- [PROBLEM DESCRIPTION]: Range to output from the entries below: the line containing "import ezdxf" through the line containing "doc.linetypes.add('TRACO_25', pattern=[8, 3, -1, 1, -1, 1, -1])". Set it down exactly, ends included, nothing else.

(Data extracted from a collection)
-*-

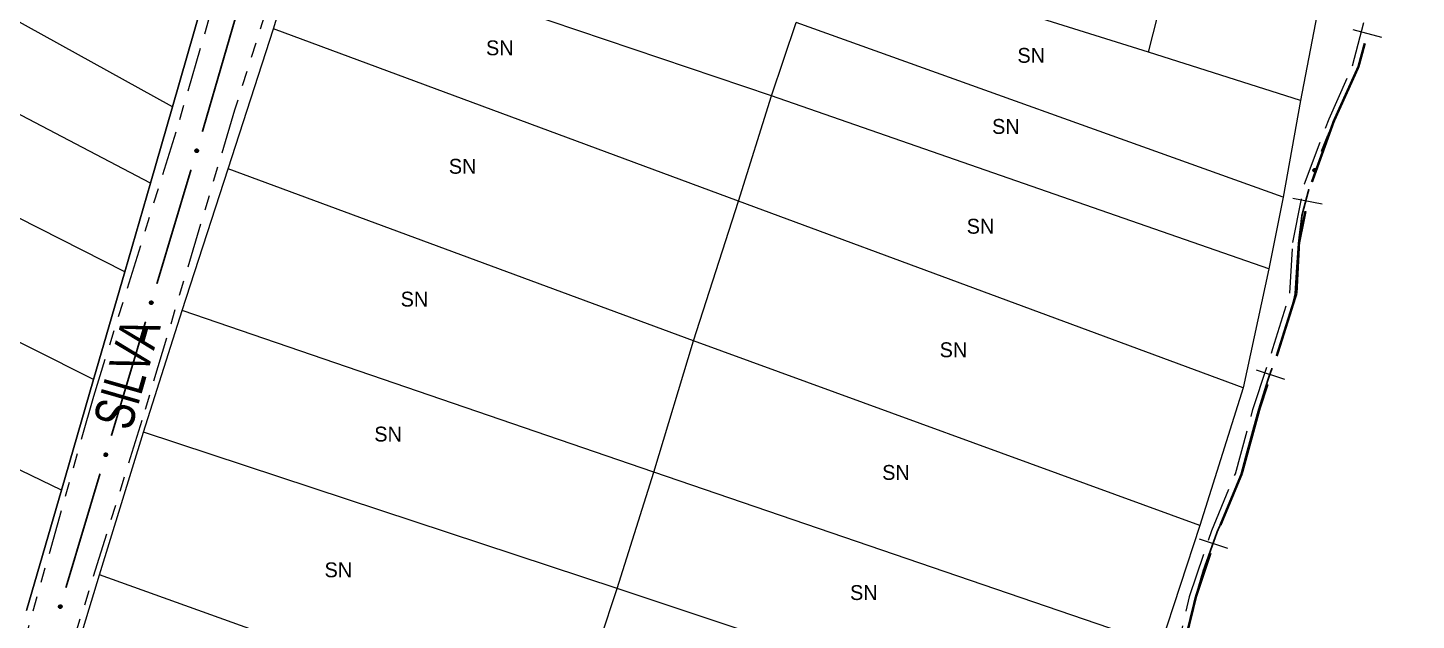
# Model space of a CAD drawing. Extents: x 207981 to 210201, y 4876477 to 4878908.
# Drawn here: x 209698 to 209838.2, y 4876951.3 to 4877011 of the extents above; entities that cross this region are included whole.
import ezdxf
from ezdxf.enums import TextEntityAlignment as Align

# ---------------------------------------------------------------- set-up
doc = ezdxf.new("R2010")
doc.units = 0
doc.header["$LTSCALE"] = 1.5
doc.header["$MEASUREMENT"] = 0
doc.linetypes.add('TRACO_25', pattern=[8, 3, -1, 1, -1, 1, -1])
for name, color, linetype in [('CD_MALHA_LOTES', 7, 'CONTINUOUS'), ('LM-LIM-SETORES-BAIRROS', 250, 'CONTINUOUS'), ('RU-QUADRA', 210, 'CONTINUOUS'), ('SV-EIXO-RUA-N-PAV', 6, 'CONTINUOUS'), ('SV-RUA-NAO-PAV', 7, 'CONTINUOUS'), ('SV-TXT-RUA-N-PAV', 7, 'CONTINUOUS'), ('Th_NmrPort', 1, 'CONTINUOUS')]:
    doc.layers.add(name, color=color, linetype=linetype)
doc.styles.add('ARIAL', font='ARIAL.SHX')

msp = doc.modelspace()

# ---------------------------------------------------------------- linework, layer by layer
at = {"layer": 'CD_MALHA_LOTES', "linetype": 'Continuous', "flags": 128}
for points in [[(209811.14022, 4877008.560246), (209827.225179, 4877071.741226)], [(209838.164806, 4877064.417238), (209826.48351, 4877003.69304)], [(209712.637226, 4877003.044079), (209676.898022, 4877022.837386)], [(209722.835183, 4877010.924318), (209725.616444, 4877020.195188)], [(209773.083298, 4877004.156583), (209725.616444, 4877020.195188)], [(209710.412217, 4876995.349257), (209674.070407, 4877014.400895)], [(209712.637226, 4877003.044079), (209715.603904, 4877013.334744)], [(209718.246102, 4876996.786241), (209722.835183, 4877010.924318)], [(209769.745785, 4876993.541437), (209722.835183, 4877010.924318)], [(209773.083298, 4877004.156583), (209775.586433, 4877011.573279)], [(209824.722044, 4876993.958626), (209775.586433, 4877011.573279)], [(209811.14022, 4877008.560246), (209799.829758, 4877012.083177)], [(209826.48351, 4877003.69304), (209811.14022, 4877008.560246)], [(209707.816373, 4876986.402867), (209671.150083, 4877004.990961)], [(209769.745785, 4876993.541437), (209773.083298, 4877004.156583)], [(209823.285059, 4876986.727348), (209773.083298, 4877004.156583)], [(209710.412217, 4876995.349257), (209712.637226, 4877003.044079)], [(209826.48351, 4877003.69304), (209824.722044, 4876993.958626)], [(209713.610667, 4876982.509102), (209718.246102, 4876996.786241)], [(209765.203059, 4876979.449715), (209718.246102, 4876996.786241)], [(209704.664278, 4876975.555949), (209667.627152, 4876994.144044)], [(209707.816373, 4876986.402867), (209710.412217, 4876995.349257)], [(209765.203059, 4876979.449715), (209769.745785, 4876993.541437)], [(209820.689216, 4876974.721571), (209769.745785, 4876993.541437)], [(209824.722044, 4876993.958626), (209823.285059, 4876986.727348)], [(209704.664278, 4876975.555949), (209707.816373, 4876986.402867)], [(209823.285059, 4876986.727348), (209820.689216, 4876974.721571)], [(209701.419473, 4876964.384551), (209663.826095, 4876982.555456)], [(209709.716902, 4876970.225199), (209713.610667, 4876982.509102)], [(209761.216585, 4876966.19237), (209713.610667, 4876982.509102)], [(209761.216585, 4876966.19237), (209765.203059, 4876979.449715)], [(209816.331907, 4876960.815266), (209765.203059, 4876979.449715)], [(209701.419473, 4876964.384551), (209704.664278, 4876975.555949)], [(209820.689216, 4876974.721571), (209816.331907, 4876960.815266)], [(209705.266884, 4876955.85535), (209709.716902, 4876970.225199)], [(209757.508237, 4876954.46472), (209709.716902, 4876970.225199)], [(209757.508237, 4876954.46472), (209761.216585, 4876966.19237)], [(209812.345433, 4876948.71678), (209761.216585, 4876966.19237)], [(209697.896543, 4876952.239711), (209701.419473, 4876964.384551)], [(209816.331907, 4876960.815266), (209812.345433, 4876948.71678)], [(209702.02208, 4876945.240204), (209705.266884, 4876955.85535)], [(209752.362904, 4876938.936013), (209705.266884, 4876955.85535)], [(209752.362904, 4876938.936013), (209757.508237, 4876954.46472)], [(209808.544376, 4876937.499028), (209757.508237, 4876954.46472)]]:
    msp.add_lwpolyline(points, dxfattribs=at)
at = {"layer": 'LM-LIM-SETORES-BAIRROS'}
for points in [[(209834.682497, 4877010.032773), (209831.786751, 4877010.816773)], [(209828.660634, 4876993.221686), (209825.72091, 4876993.820037)], [(209824.886337, 4876975.556489), (209822.032867, 4876976.482616)], [(209819.138782, 4876958.512722), (209816.293867, 4876959.464804)]]:
    msp.add_lwpolyline(points, dxfattribs=at)
at = {"layer": 'LM-LIM-SETORES-BAIRROS', "const_width": 0.25}
for points in [[(209832.335795, 4877007.104902), (209832.973291, 4877009.459524)], [(209829.840661, 4877001.594816), (209832.104541, 4877006.594217)], [(209832.104541, 4877006.594217), (209832.335795, 4877007.104902)], [(209827.633195, 4876995.468477), (209829.66713, 4877001.113218)], [(209829.66713, 4877001.113218), (209829.840661, 4877001.594816)], [(209826.33188, 4876989.301085), (209826.991322, 4876992.540954)], [(209826.07197, 4876984.232844), (209826.296352, 4876988.608294)], [(209826.296352, 4876988.608294), (209826.33188, 4876989.301085)], [(209825.885884, 4876983.642687), (209826.07197, 4876984.232844)], [(209824.252602, 4876978.462848), (209825.885884, 4876983.642687)], [(209824.07702, 4876977.921866), (209824.252602, 4876978.462848)], [(209822.329269, 4876972.536906), (209823.150893, 4876975.068396)], [(209820.561883, 4876966.065153), (209822.240089, 4876972.21035)], [(209822.240089, 4876972.21035), (209822.329269, 4876972.536906)], [(209820.320029, 4876965.483674), (209820.561883, 4876966.065153)], [(209818.399853, 4876960.867082), (209820.320029, 4876965.483674)], [(209815.93549, 4876953.667458), (209817.398963, 4876958.040458)], [(209814.116121, 4876946.234039), (209815.843102, 4876953.289986)], [(209815.843102, 4876953.289986), (209815.93549, 4876953.667458)]]:
    msp.add_lwpolyline(points, dxfattribs=at)
at = {"layer": 'RU-QUADRA', "linetype": 'Continuous', "flags": 128}
for points in [[(209695.115282, 4877135.339394), (209705.313239, 4877129.406037), (209715.047652, 4877123.287263), (209723.623207, 4877118.188284), (209724.643003, 4877119.857041), (209733.913873, 4877114.20181), (209733.079494, 4877112.81118), (209741.515986, 4877107.434075), (209748.747265, 4877102.427805), (209731.596155, 4877069.284445), (209726.126342, 4877049.398429), (209723.808624, 4877041.101), (209720.934655, 4877032.015548), (209717.967976, 4877022.095717), (209715.603904, 4877013.334744), (209712.637226, 4877003.044079), (209710.412217, 4876995.349257), (209707.816373, 4876986.402867), (209704.664278, 4876975.555949), (209701.419473, 4876964.384551), (209697.896543, 4876952.239711)], [(209702.02208, 4876945.240204), (209705.266884, 4876955.85535), (209709.716902, 4876970.225199), (209713.610667, 4876982.509102), (209718.246102, 4876996.786241), (209722.835183, 4877010.924318), (209725.616444, 4877020.195188), (209728.397705, 4877029.048869), (209732.29147, 4877040.081204), (209761.123876, 4877109.659084), (209771.090061, 4877104.328334), (209780.499994, 4877099.322064), (209790.558888, 4877093.944959), (209801.034971, 4877088.289729), (209811.603763, 4877082.170954), (209820.318381, 4877076.05218), (209827.225179, 4877071.741226), (209838.164806, 4877064.417238), (209826.48351, 4877003.69304), (209824.722044, 4876993.958626), (209823.285059, 4876986.727348), (209820.689216, 4876974.721571), (209816.331907, 4876960.815266), (209812.345433, 4876948.71678)]]:
    msp.add_lwpolyline(points, dxfattribs=at)
at = {"layer": 'SV-EIXO-RUA-N-PAV', "const_width": 0.18}
for points in [[(209718.996723, 4877012.062376), (209715.646798, 4877000.539442)], [(209828.966969, 4876999.470699), (209829.222295, 4877000.109013)], [(209829.222295, 4877000.109013), (209829.354782, 4877000.392054)], [(209829.354782, 4877000.392054), (209829.582805, 4877000.879195)], [(209828.595578, 4876998.542222), (209828.966969, 4876999.470699)], [(209714.500412, 4876996.707243), (209711.056883, 4876985.211935)], [(209826.636624, 4876992.136528), (209827.32858, 4876994.750582)], [(209826.291868, 4876989.313837), (209826.600748, 4876991.842797)], [(209826.600748, 4876991.842797), (209826.636624, 4876992.136528)], [(209826.11949, 4876986.900544), (209826.259647, 4876988.862739)], [(209826.259647, 4876988.862739), (209826.291868, 4876989.313837)], [(209825.947112, 4876984.142495), (209826.117444, 4876986.867802)], [(209826.117444, 4876986.867802), (209826.11949, 4876986.900544)], [(209825.884919, 4876983.880398), (209825.947112, 4876984.142495)], [(209825.654042, 4876982.907415), (209825.884919, 4876983.880398)], [(209709.909041, 4876981.380165), (209706.465512, 4876969.884857)], [(209823.232157, 4876975.631329), (209823.616913, 4876976.705439)], [(209822.240984, 4876972.442335), (209822.977185, 4876974.810982)], [(209822.977185, 4876974.810982), (209823.232157, 4876975.631329)], [(209821.034337, 4876968.046694), (209822.103442, 4876971.94129)], [(209822.103442, 4876971.94129), (209822.240984, 4876972.442335)], [(209820.790148, 4876967.116896), (209821.034337, 4876968.046694)], [(209705.317669, 4876966.053088), (209701.874141, 4876954.557779)], [(209820.474108, 4876965.913516), (209820.790148, 4876967.116896)], [(209820.205043, 4876965.207219), (209820.474108, 4876965.913516)], [(209818.10391, 4876960.268134), (209818.61653, 4876961.392591)], [(209818.61653, 4876961.392591), (209818.638181, 4876961.440082)], [(209817.500587, 4876958.587448), (209817.845711, 4876959.548866)], [(209817.845711, 4876959.548866), (209818.10391, 4876960.268134)], [(209816.681791, 4876956.281892), (209817.173115, 4876957.665357)], [(209817.173115, 4876957.665357), (209817.500587, 4876958.587448)], [(209816.532563, 4876955.771375), (209816.681791, 4876956.281892)], [(209815.862995, 4876953.480748), (209816.532563, 4876955.771375)], [(209815.726771, 4876952.882544), (209815.862995, 4876953.480748)], [(209815.504732, 4876951.907506), (209815.726771, 4876952.882544)]]:
    msp.add_lwpolyline(points, dxfattribs=at)
at = {"layer": 'SV-EIXO-RUA-N-PAV'}
for points in [[(209715.221015, 4876998.729177), (209715.244827, 4876998.686457), (209715.256557, 4876998.644872), (209715.256358, 4876998.607372), (209715.247541, 4876998.57428), (209715.234708, 4876998.541441), (209715.214465, 4876998.511188), (209715.18456, 4876998.482587), (209715.141874, 4876998.458399), (209715.098484, 4876998.449182), (209715.061709, 4876998.447411), (209715.026674, 4876998.454618), (209714.994982, 4876998.467619), (209714.964251, 4876998.489685), (209714.935563, 4876998.520274), (209714.912279, 4876998.563786), (209714.901059, 4876998.604633), (209714.902204, 4876998.6409), (209714.909673, 4876998.676076), (209714.923176, 4876998.709445), (209714.943218, 4876998.739028), (209714.974069, 4876998.767857), (209715.017319, 4876998.790269), (209715.057932, 4876998.801925), (209715.094205, 4876998.801289), (209715.128671, 4876998.793156), (209715.161764, 4876998.780686), (209715.193023, 4876998.761603), (209715.221015, 4876998.729177)], [(209827.776983, 4876996.55596), (209827.754073, 4876996.59917), (209827.743218, 4876996.640993), (209827.744204, 4876996.67848), (209827.753714, 4876996.711379), (209827.767233, 4876996.743941), (209827.788107, 4876996.773763), (209827.818606, 4876996.801731), (209827.86179, 4876996.825017), (209827.905364, 4876996.833321), (209827.942168, 4876996.83432), (209827.977044, 4876996.82638), (209828.008456, 4876996.812716), (209828.038717, 4876996.79001), (209828.066757, 4876996.758825), (209828.089122, 4876996.714835), (209828.099482, 4876996.673761), (209828.097576, 4876996.637526), (209828.089371, 4876996.602514), (209828.075171, 4876996.569437), (209828.054512, 4876996.540281), (209828.023063, 4876996.512105), (209827.979352, 4876996.490606), (209827.938504, 4876996.479805), (209827.902252, 4876996.481202), (209827.867964, 4876996.490056), (209827.83514, 4876996.503219), (209827.804289, 4876996.522953), (209827.776983, 4876996.55596)], [(209710.629643, 4876983.402099), (209710.653456, 4876983.359379), (209710.665186, 4876983.317794), (209710.664987, 4876983.280294), (209710.65617, 4876983.247202), (209710.643337, 4876983.214364), (209710.623094, 4876983.18411), (209710.593189, 4876983.155509), (209710.550502, 4876983.131321), (209710.507113, 4876983.122104), (209710.470338, 4876983.120333), (209710.435302, 4876983.12754), (209710.40361, 4876983.140541), (209710.37288, 4876983.162607), (209710.344191, 4876983.193196), (209710.320908, 4876983.236708), (209710.309688, 4876983.277556), (209710.310833, 4876983.313822), (209710.318301, 4876983.348999), (209710.331805, 4876983.382367), (209710.351847, 4876983.41195), (209710.382697, 4876983.44078), (209710.425948, 4876983.463191), (209710.46656, 4876983.474847), (209710.502834, 4876983.474211), (209710.537299, 4876983.466079), (209710.570393, 4876983.453608), (209710.601651, 4876983.434525), (209710.629643, 4876983.402099)], [(209706.038272, 4876968.075021), (209706.062085, 4876968.032301), (209706.073815, 4876967.990716), (209706.073615, 4876967.953216), (209706.064799, 4876967.920125), (209706.051966, 4876967.887286), (209706.031723, 4876967.857033), (209706.001817, 4876967.828431), (209705.959131, 4876967.804243), (209705.915741, 4876967.795027), (209705.878966, 4876967.793255), (209705.843931, 4876967.800462), (209705.812239, 4876967.813463), (209705.781509, 4876967.83553), (209705.75282, 4876967.866119), (209705.729537, 4876967.90963), (209705.718317, 4876967.950478), (209705.719462, 4876967.986745), (209705.72693, 4876968.021921), (209705.740434, 4876968.055289), (209705.760476, 4876968.084872), (209705.791326, 4876968.113702), (209705.834576, 4876968.136113), (209705.875189, 4876968.147769), (209705.911462, 4876968.147134), (209705.945928, 4876968.139001), (209705.979021, 4876968.12653), (209706.01028, 4876968.107448), (209706.038272, 4876968.075021)], [(209701.446901, 4876952.747944), (209701.470713, 4876952.705224), (209701.482444, 4876952.663639), (209701.482244, 4876952.626139), (209701.473427, 4876952.593047), (209701.460594, 4876952.560208), (209701.440351, 4876952.529955), (209701.410446, 4876952.501354), (209701.36776, 4876952.477166), (209701.32437, 4876952.467949), (209701.287595, 4876952.466178), (209701.25256, 4876952.473384), (209701.220868, 4876952.486386), (209701.190137, 4876952.508452), (209701.161449, 4876952.539041), (209701.138166, 4876952.582552), (209701.126945, 4876952.6234), (209701.128091, 4876952.659667), (209701.135559, 4876952.694843), (209701.149062, 4876952.728212), (209701.169104, 4876952.757795), (209701.199955, 4876952.786624), (209701.243205, 4876952.809036), (209701.283818, 4876952.820692), (209701.320091, 4876952.820056), (209701.354557, 4876952.811923), (209701.38765, 4876952.799453), (209701.418909, 4876952.78037), (209701.446901, 4876952.747944)]]:
    msp.add_lwpolyline(points, close=True, dxfattribs=at)
for points in [[(209714.923176, 4876998.709445), (209714.901059, 4876998.604633)], [(209714.932561, 4876998.719896), (209714.908042, 4876998.590496)], [(209714.943218, 4876998.739028), (209714.912279, 4876998.563786)], [(209714.959342, 4876998.747484), (209714.925702, 4876998.549595)], [(209714.974069, 4876998.767857), (209714.935563, 4876998.520274)], [(209714.996057, 4876998.774946), (209714.95029, 4876998.508043)], [(209715.017319, 4876998.790269), (209714.964251, 4876998.489685)], [(209715.036043, 4876998.794305), (209714.979969, 4876998.483484)], [(209715.057932, 4876998.801925), (209714.994982, 4876998.467619)], [(209715.074336, 4876998.798503), (209715.011213, 4876998.464153)], [(209715.094205, 4876998.801289), (209715.026674, 4876998.454618)], [(209715.110279, 4876998.794858), (209715.042193, 4876998.453448)], [(209715.128671, 4876998.793156), (209715.061709, 4876998.447411)], [(209715.14518, 4876998.782978), (209715.083232, 4876998.45255)], [(209715.161764, 4876998.780686), (209715.098484, 4876998.449182)], [(209715.1759, 4876998.766654), (209715.121916, 4876998.458055)], [(209715.193023, 4876998.761603), (209715.141874, 4876998.458399)], [(209715.205055, 4876998.7451), (209715.162426, 4876998.474409)], [(209715.221015, 4876998.729177), (209715.18456, 4876998.482587)], [(209715.23304, 4876998.70538), (209715.201231, 4876998.504093)], [(209715.244827, 4876998.686457), (209715.214465, 4876998.511188)], [(209715.251616, 4876998.66278), (209715.226182, 4876998.535078)], [(209715.256557, 4876998.644872), (209715.234708, 4876998.541441)], [(209827.743218, 4876996.640993), (209827.767233, 4876996.743941)], [(209827.747782, 4876996.622985), (209827.775891, 4876996.750124)], [(209827.754073, 4876996.59917), (209827.788107, 4876996.773763)], [(209827.76546, 4876996.580004), (209827.801487, 4876996.780579)], [(209827.776983, 4876996.55596), (209827.818606, 4876996.801731)], [(209827.792606, 4876996.539705), (209827.840906, 4876996.809442)], [(209827.804289, 4876996.522953), (209827.86179, 4876996.825017)], [(209827.821301, 4876996.517544), (209827.88175, 4876996.824942)], [(209827.83514, 4876996.503219), (209827.905364, 4876996.833321)], [(209827.851672, 4876996.500578), (209827.920541, 4876996.829634)], [(209827.867964, 4876996.490056), (209827.942168, 4876996.83432)], [(209827.886316, 4876996.487969), (209827.961553, 4876996.827874)], [(209827.902252, 4876996.481202), (209827.977044, 4876996.82638)], [(209827.922175, 4876996.483571), (209827.992301, 4876996.816522)], [(209827.938504, 4876996.479805), (209828.008456, 4876996.812716)], [(209827.960548, 4876996.486964), (209828.023133, 4876996.79654)], [(209827.979352, 4876996.490606), (209828.038717, 4876996.79001)], [(209828.000931, 4876996.50548), (209828.052289, 4876996.771363)], [(209828.023063, 4876996.512105), (209828.066757, 4876996.758825)], [(209828.038214, 4876996.532164), (209828.076, 4876996.729304)], [(209828.054512, 4876996.540281), (209828.089122, 4876996.714835)], [(209828.065569, 4876996.559184), (209828.092798, 4876996.688042)], [(209828.075171, 4876996.569437), (209828.099482, 4876996.673761)], [(209710.331805, 4876983.382367), (209710.309688, 4876983.277556)], [(209710.341189, 4876983.392819), (209710.31667, 4876983.263418)], [(209710.351847, 4876983.41195), (209710.320908, 4876983.236708)], [(209710.367971, 4876983.420407), (209710.334331, 4876983.222517)], [(209710.382697, 4876983.44078), (209710.344191, 4876983.193196)], [(209710.404686, 4876983.447868), (209710.358919, 4876983.180965)], [(209710.425948, 4876983.463191), (209710.37288, 4876983.162607)], [(209710.444672, 4876983.467227), (209710.388597, 4876983.156406)], [(209710.46656, 4876983.474847), (209710.40361, 4876983.140541)], [(209710.482964, 4876983.471425), (209710.419842, 4876983.137075)], [(209710.502834, 4876983.474211), (209710.435302, 4876983.12754)], [(209710.518908, 4876983.46778), (209710.450822, 4876983.126371)], [(209710.537299, 4876983.466079), (209710.470338, 4876983.120333)], [(209710.553809, 4876983.455901), (209710.491861, 4876983.125472)], [(209710.570393, 4876983.453608), (209710.507113, 4876983.122104)], [(209710.584529, 4876983.439576), (209710.530545, 4876983.130977)], [(209710.601651, 4876983.434525), (209710.550502, 4876983.131321)], [(209710.613683, 4876983.418023), (209710.571055, 4876983.147331)], [(209710.629643, 4876983.402099), (209710.593189, 4876983.155509)], [(209710.641669, 4876983.378302), (209710.60986, 4876983.177015)], [(209710.653456, 4876983.359379), (209710.623094, 4876983.18411)], [(209710.660245, 4876983.335702), (209710.634811, 4876983.208)], [(209710.665186, 4876983.317794), (209710.643337, 4876983.214364)], [(209705.740434, 4876968.055289), (209705.718317, 4876967.950478)], [(209705.749818, 4876968.065741), (209705.725299, 4876967.93634)], [(209705.760476, 4876968.084872), (209705.729537, 4876967.90963)], [(209705.7766, 4876968.093329), (209705.74296, 4876967.895439)], [(209705.791326, 4876968.113702), (209705.75282, 4876967.866119)], [(209705.813315, 4876968.12079), (209705.767548, 4876967.853887)], [(209705.834576, 4876968.136113), (209705.781509, 4876967.83553)], [(209705.8533, 4876968.14015), (209705.797226, 4876967.829328)], [(209705.875189, 4876968.147769), (209705.812239, 4876967.813463)], [(209705.891593, 4876968.144348), (209705.828471, 4876967.809998)], [(209705.911462, 4876968.147134), (209705.843931, 4876967.800462)], [(209705.927536, 4876968.140703), (209705.85945, 4876967.799293)], [(209705.945928, 4876968.139001), (209705.878966, 4876967.793255)], [(209705.962437, 4876968.128823), (209705.90049, 4876967.798395)], [(209705.979021, 4876968.12653), (209705.915741, 4876967.795027)], [(209705.993158, 4876968.112498), (209705.939174, 4876967.8039)], [(209706.01028, 4876968.107448), (209705.959131, 4876967.804243)], [(209706.022312, 4876968.090945), (209705.979683, 4876967.820253)], [(209706.038272, 4876968.075021), (209706.001817, 4876967.828431)], [(209706.050298, 4876968.051224), (209706.018489, 4876967.849937)], [(209706.062085, 4876968.032301), (209706.031723, 4876967.857033)], [(209706.068874, 4876968.008624), (209706.043439, 4876967.880923)], [(209706.073815, 4876967.990716), (209706.051966, 4876967.887286)], [(209701.149062, 4876952.728212), (209701.126945, 4876952.6234)], [(209701.158447, 4876952.738663), (209701.133928, 4876952.609263)], [(209701.169104, 4876952.757795), (209701.138166, 4876952.582552)], [(209701.185229, 4876952.766251), (209701.151589, 4876952.568362)], [(209701.199955, 4876952.786624), (209701.161449, 4876952.539041)], [(209701.221943, 4876952.793713), (209701.176176, 4876952.52681)], [(209701.243205, 4876952.809036), (209701.190137, 4876952.508452)], [(209701.261929, 4876952.813072), (209701.205855, 4876952.502251)], [(209701.283818, 4876952.820692), (209701.220868, 4876952.486386)], [(209701.300222, 4876952.81727), (209701.237099, 4876952.48292)], [(209701.320091, 4876952.820056), (209701.25256, 4876952.473384)], [(209701.336165, 4876952.813625), (209701.268079, 4876952.472215)], [(209701.354557, 4876952.811923), (209701.287595, 4876952.466178)], [(209701.371066, 4876952.801745), (209701.309118, 4876952.471317)], [(209701.38765, 4876952.799453), (209701.32437, 4876952.467949)], [(209701.401787, 4876952.785421), (209701.347803, 4876952.476822)], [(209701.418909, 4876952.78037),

-*-

- [WORKED SOLUTION]:
import ezdxf
from ezdxf.enums import TextEntityAlignment as Align

# ---------------------------------------------------------------- set-up
doc = ezdxf.new("R2010")
doc.units = 0
doc.header["$LTSCALE"] = 1.5
doc.header["$MEASUREMENT"] = 0
doc.linetypes.add('TRACO_25', pattern=[8, 3, -1, 1, -1, 1, -1])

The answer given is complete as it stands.